WHAT IS BEING ASKED: There is one span to output from the data below: the lines starting at the line with "#53=LINE('',#52,#51);" and ending at the line with "#102=PLANE('',#101);". Output it exactly, ends included, nothing more.

EXTRACTED RECORDS:
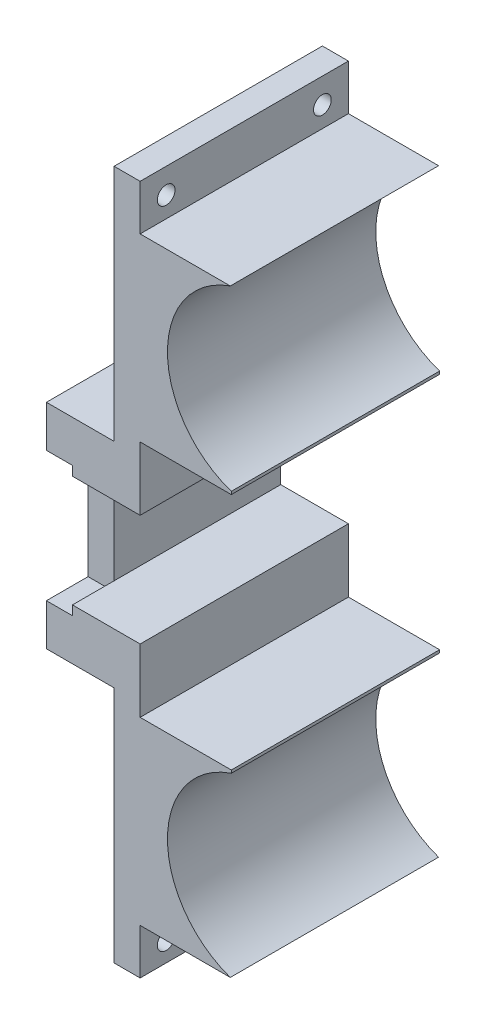
ISO-10303-21;
HEADER;
FILE_DESCRIPTION(('STEP AP214'),'2;1');
FILE_NAME('part.step','',(''),(''),'','','');
FILE_SCHEMA(('AUTOMOTIVE_DESIGN { 1 0 10303 214 1 1 1 1 }'));
ENDSEC;
DATA;
#1=APPLICATION_CONTEXT('core data for automotive mechanical design processes');
#2=APPLICATION_PROTOCOL_DEFINITION('international standard','automotive_design',2000,#1);
#3=PRODUCT_CONTEXT('',#1,'mechanical');
#4=PRODUCT('Part','Part','',(#3));
#5=PRODUCT_RELATED_PRODUCT_CATEGORY('part','',(#4));
#6=PRODUCT_DEFINITION_FORMATION('','',#4);
#7=PRODUCT_DEFINITION_CONTEXT('part definition',#1,'design');
#8=PRODUCT_DEFINITION('design','',#6,#7);
#9=PRODUCT_DEFINITION_SHAPE('','',#8);
#10=(LENGTH_UNIT() NAMED_UNIT(*) SI_UNIT(.MILLI.,.METRE.));
#11=(NAMED_UNIT(*) PLANE_ANGLE_UNIT() SI_UNIT($,.RADIAN.));
#12=(NAMED_UNIT(*) SI_UNIT($,.STERADIAN.) SOLID_ANGLE_UNIT());
#13=UNCERTAINTY_MEASURE_WITH_UNIT(LENGTH_MEASURE(1.E-05),#10,'distance_accuracy_value','');
#14=(GEOMETRIC_REPRESENTATION_CONTEXT(3) GLOBAL_UNCERTAINTY_ASSIGNED_CONTEXT((#13)) GLOBAL_UNIT_ASSIGNED_CONTEXT((#10,
#11,#12)) REPRESENTATION_CONTEXT('',''));
#15=CARTESIAN_POINT('',(0.,0.,0.));
#16=DIRECTION('',(0.,0.,1.));
#17=DIRECTION('',(1.,0.,0.));
#18=AXIS2_PLACEMENT_3D('',#15,#16,#17);
#19=CARTESIAN_POINT('',(0.,0.,40.));
#20=DIRECTION('',(1.,0.,0.));
#21=DIRECTION('',(0.,1.,0.));
#22=AXIS2_PLACEMENT_3D('',#19,#20,#21);
#23=PLANE('',#22);
#24=DIRECTION('',(0.,0.,1.));
#25=VECTOR('',#24,1.);
#26=CARTESIAN_POINT('',(0.,-12.5,32.));
#27=LINE('',#26,#25);
#28=CARTESIAN_POINT('',(0.,-12.5,32.));
#29=VERTEX_POINT('',#28);
#30=CARTESIAN_POINT('',(0.,-12.5,40.));
#31=VERTEX_POINT('',#30);
#32=EDGE_CURVE('E506',#29,#31,#27,.T.);
#33=ORIENTED_EDGE('',*,*,#32,.F.);
#34=DIRECTION('',(0.,1.,0.));
#35=VECTOR('',#34,1.);
#36=CARTESIAN_POINT('',(0.,12.5,32.));
#37=LINE('',#36,#35);
#38=CARTESIAN_POINT('',(0.,12.5,32.));
#39=VERTEX_POINT('',#38);
#40=EDGE_CURVE('E489',#29,#39,#37,.T.);
#41=ORIENTED_EDGE('',*,*,#40,.T.);
#42=DIRECTION('',(0.,0.,1.));
#43=VECTOR('',#42,1.);
#44=CARTESIAN_POINT('',(0.,12.5,32.));
#45=LINE('',#44,#43);
#46=CARTESIAN_POINT('',(0.,12.5,40.));
#47=VERTEX_POINT('',#46);
#48=EDGE_CURVE('E504',#39,#47,#45,.T.);
#49=ORIENTED_EDGE('',*,*,#48,.T.);
#50=DIRECTION('',(0.,-1.,0.));
#51=VECTOR('',#50,1.);
#52=CARTESIAN_POINT('',(0.,0.,40.));
#53=LINE('',#52,#51);
#54=CARTESIAN_POINT('',(0.,20.5,40.));
#55=VERTEX_POINT('',#54);
#56=EDGE_CURVE('E241',#55,#47,#53,.T.);
#57=ORIENTED_EDGE('',*,*,#56,.F.);
#58=DIRECTION('',(0.,0.,-1.));
#59=VECTOR('',#58,1.);
#60=CARTESIAN_POINT('',(0.,20.5,40.));
#61=LINE('',#60,#59);
#62=CARTESIAN_POINT('',(0.,20.5,0.));
#63=VERTEX_POINT('',#62);
#64=EDGE_CURVE('E269',#55,#63,#61,.T.);
#65=ORIENTED_EDGE('',*,*,#64,.T.);
#66=DIRECTION('',(0.,-1.,0.));
#67=VECTOR('',#66,1.);
#68=CARTESIAN_POINT('',(0.,0.,0.));
#69=LINE('',#68,#67);
#70=CARTESIAN_POINT('',(0.,-20.5,0.));
#71=VERTEX_POINT('',#70);
#72=EDGE_CURVE('E181',#63,#71,#69,.T.);
#73=ORIENTED_EDGE('',*,*,#72,.T.);
#74=DIRECTION('',(0.,0.,-1.));
#75=VECTOR('',#74,1.);
#76=CARTESIAN_POINT('',(0.,-20.5,40.));
#77=LINE('',#76,#75);
#78=CARTESIAN_POINT('',(0.,-20.5,40.));
#79=VERTEX_POINT('',#78);
#80=EDGE_CURVE('E199',#79,#71,#77,.T.);
#81=ORIENTED_EDGE('',*,*,#80,.F.);
#82=EDGE_CURVE('E240',#31,#79,#53,.T.);
#83=ORIENTED_EDGE('',*,*,#82,.F.);
#84=EDGE_LOOP('',(#33,#41,#49,#57,#65,#73,#81,#83));
#85=FACE_BOUND('',#84,.T.);
#86=CARTESIAN_POINT('',(0.,0.,20.));
#87=DIRECTION('',(-1.,0.,0.));
#88=DIRECTION('',(0.,0.,1.));
#89=AXIS2_PLACEMENT_3D('',#86,#87,#88);
#90=CIRCLE('',#89,1.69999999999999);
#91=CARTESIAN_POINT('',(0.,0.,21.7));
#92=VERTEX_POINT('',#91);
#93=EDGE_CURVE('E862',#92,#92,#90,.T.);
#94=ORIENTED_EDGE('',*,*,#93,.F.);
#95=EDGE_LOOP('',(#94));
#96=FACE_BOUND('',#95,.T.);
#97=ADVANCED_FACE('F43',(#85,#96),#23,.F.);
#98=CARTESIAN_POINT('',(0.,0.,40.));
#99=DIRECTION('',(0.,0.,1.));
#100=DIRECTION('',(1.,0.,0.));
#101=AXIS2_PLACEMENT_3D('',#98,#99,#100);
#102=PLANE('',#101);
#103=DIRECTION('',(-1.,0.,0.));
#104=VECTOR('',#103,1.);
#105=CARTESIAN_POINT('',(0.,-10.7,40.));
#106=LINE('',#105,#104);
#107=CARTESIAN_POINT('',(18.,-10.7,40.));
#108=VERTEX_POINT('',#107);
#109=CARTESIAN_POINT('',(5.00000000000001,-10.7,40.));
#110=VERTEX_POINT('',#109);
#111=EDGE_CURVE('E238',#108,#110,#106,.T.);
#112=ORIENTED_EDGE('',*,*,#111,.T.);
#113=DIRECTION('',(0.,-1.,0.));
#114=VECTOR('',#113,1.);
#115=CARTESIAN_POINT('',(5.00000000000001,12.5,40.));
#116=LINE('',#115,#114);
#117=CARTESIAN_POINT('',(5.00000000000001,-12.5,40.));
#118=VERTEX_POINT('',#117);
#119=EDGE_CURVE('E465',#110,#118,#116,.T.);
#120=ORIENTED_EDGE('',*,*,#119,.T.);
#121=DIRECTION('',(-1.,0.,0.));
#122=VECTOR('',#121,1.);
#123=CARTESIAN_POINT('',(5.00000000000001,-12.5,40.));
#124=LINE('',#123,#122);
#125=EDGE_CURVE('E499',#118,#31,#124,.T.);
#126=ORIENTED_EDGE('',*,*,#125,.T.);
#127=ORIENTED_EDGE('',*,*,#82,.T.);
#128=DIRECTION('',(1.,0.,0.));
#129=VECTOR('',#128,1.);
#130=CARTESIAN_POINT('',(0.,-20.5,40.));
#131=LINE('',#130,#129);
#132=CARTESIAN_POINT('',(13.,-20.5,40.));
#133=VERTEX_POINT('',#132);
#134=EDGE_CURVE('E244',#79,#133,#131,.T.);
#135=ORIENTED_EDGE('',*,*,#134,.T.);
#136=DIRECTION('',(0.,-1.,0.));
#137=VECTOR('',#136,1.);
#138=CARTESIAN_POINT('',(13.,0.,40.));
#139=LINE('',#138,#137);
#140=CARTESIAN_POINT('',(13.,-66.25,40.));
#141=VERTEX_POINT('',#140);
#142=EDGE_CURVE('E143',#133,#141,#139,.T.);
#143=ORIENTED_EDGE('',*,*,#142,.T.);
#144=DIRECTION('',(1.,0.,0.));
#145=VECTOR('',#144,1.);
#146=CARTESIAN_POINT('',(0.,-66.25,40.));
#147=LINE('',#146,#145);
#148=CARTESIAN_POINT('',(18.,-66.25,40.));
#149=VERTEX_POINT('',#148);
#150=EDGE_CURVE('E135',#141,#149,#147,.T.);
#151=ORIENTED_EDGE('',*,*,#150,.T.);
#152=DIRECTION('',(0.,1.,0.));
#153=VECTOR('',#152,1.);
#154=CARTESIAN_POINT('',(18.,0.,40.));
#155=LINE('',#154,#153);
#156=CARTESIAN_POINT('',(18.,-57.5,40.));
#157=VERTEX_POINT('',#156);
#158=EDGE_CURVE('E140',#149,#157,#155,.T.);
#159=ORIENTED_EDGE('',*,*,#158,.T.);
#160=DIRECTION('',(1.,0.,0.));
#161=VECTOR('',#160,1.);
#162=CARTESIAN_POINT('',(0.,-57.5,40.));
#163=LINE('',#162,#161);
#164=CARTESIAN_POINT('',(35.3143680347579,-57.5,40.));
#165=VERTEX_POINT('',#164);
#166=EDGE_CURVE('E67',#157,#165,#163,.T.);
#167=ORIENTED_EDGE('',*,*,#166,.T.);
#168=CARTESIAN_POINT('',(41.25,-40.506816861659,40.));
#169=DIRECTION('',(0.,0.,1.));
#170=DIRECTION('',(1.,0.,0.));
#171=AXIS2_PLACEMENT_3D('',#168,#169,#170);
#172=CIRCLE('',#171,18.);
#173=CARTESIAN_POINT('',(35.508342613226,-23.4471166751697,40.));
#174=VERTEX_POINT('',#173);
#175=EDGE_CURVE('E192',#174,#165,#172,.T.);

EXERCISE ANSWER:
#53=LINE('',#52,#51);
#54=CARTESIAN_POINT('',(0.,20.5,40.));
#55=VERTEX_POINT('',#54);
#56=EDGE_CURVE('E241',#55,#47,#53,.T.);
#57=ORIENTED_EDGE('',*,*,#56,.F.);
#58=DIRECTION('',(0.,0.,-1.));
#59=VECTOR('',#58,1.);
#60=CARTESIAN_POINT('',(0.,20.5,40.));
#61=LINE('',#60,#59);
#62=CARTESIAN_POINT('',(0.,20.5,0.));
#63=VERTEX_POINT('',#62);
#64=EDGE_CURVE('E269',#55,#63,#61,.T.);
#65=ORIENTED_EDGE('',*,*,#64,.T.);
#66=DIRECTION('',(0.,-1.,0.));
#67=VECTOR('',#66,1.);
#68=CARTESIAN_POINT('',(0.,0.,0.));
#69=LINE('',#68,#67);
#70=CARTESIAN_POINT('',(0.,-20.5,0.));
#71=VERTEX_POINT('',#70);
#72=EDGE_CURVE('E181',#63,#71,#69,.T.);
#73=ORIENTED_EDGE('',*,*,#72,.T.);
#74=DIRECTION('',(0.,0.,-1.));
#75=VECTOR('',#74,1.);
#76=CARTESIAN_POINT('',(0.,-20.5,40.));
#77=LINE('',#76,#75);
#78=CARTESIAN_POINT('',(0.,-20.5,40.));
#79=VERTEX_POINT('',#78);
#80=EDGE_CURVE('E199',#79,#71,#77,.T.);
#81=ORIENTED_EDGE('',*,*,#80,.F.);
#82=EDGE_CURVE('E240',#31,#79,#53,.T.);
#83=ORIENTED_EDGE('',*,*,#82,.F.);
#84=EDGE_LOOP('',(#33,#41,#49,#57,#65,#73,#81,#83));
#85=FACE_BOUND('',#84,.T.);
#86=CARTESIAN_POINT('',(0.,0.,20.));
#87=DIRECTION('',(-1.,0.,0.));
#88=DIRECTION('',(0.,0.,1.));
#89=AXIS2_PLACEMENT_3D('',#86,#87,#88);
#90=CIRCLE('',#89,1.69999999999999);
#91=CARTESIAN_POINT('',(0.,0.,21.7));
#92=VERTEX_POINT('',#91);
#93=EDGE_CURVE('E862',#92,#92,#90,.T.);
#94=ORIENTED_EDGE('',*,*,#93,.F.);
#95=EDGE_LOOP('',(#94));
#96=FACE_BOUND('',#95,.T.);
#97=ADVANCED_FACE('F43',(#85,#96),#23,.F.);
#98=CARTESIAN_POINT('',(0.,0.,40.));
#99=DIRECTION('',(0.,0.,1.));
#100=DIRECTION('',(1.,0.,0.));
#101=AXIS2_PLACEMENT_3D('',#98,#99,#100);
#102=PLANE('',#101);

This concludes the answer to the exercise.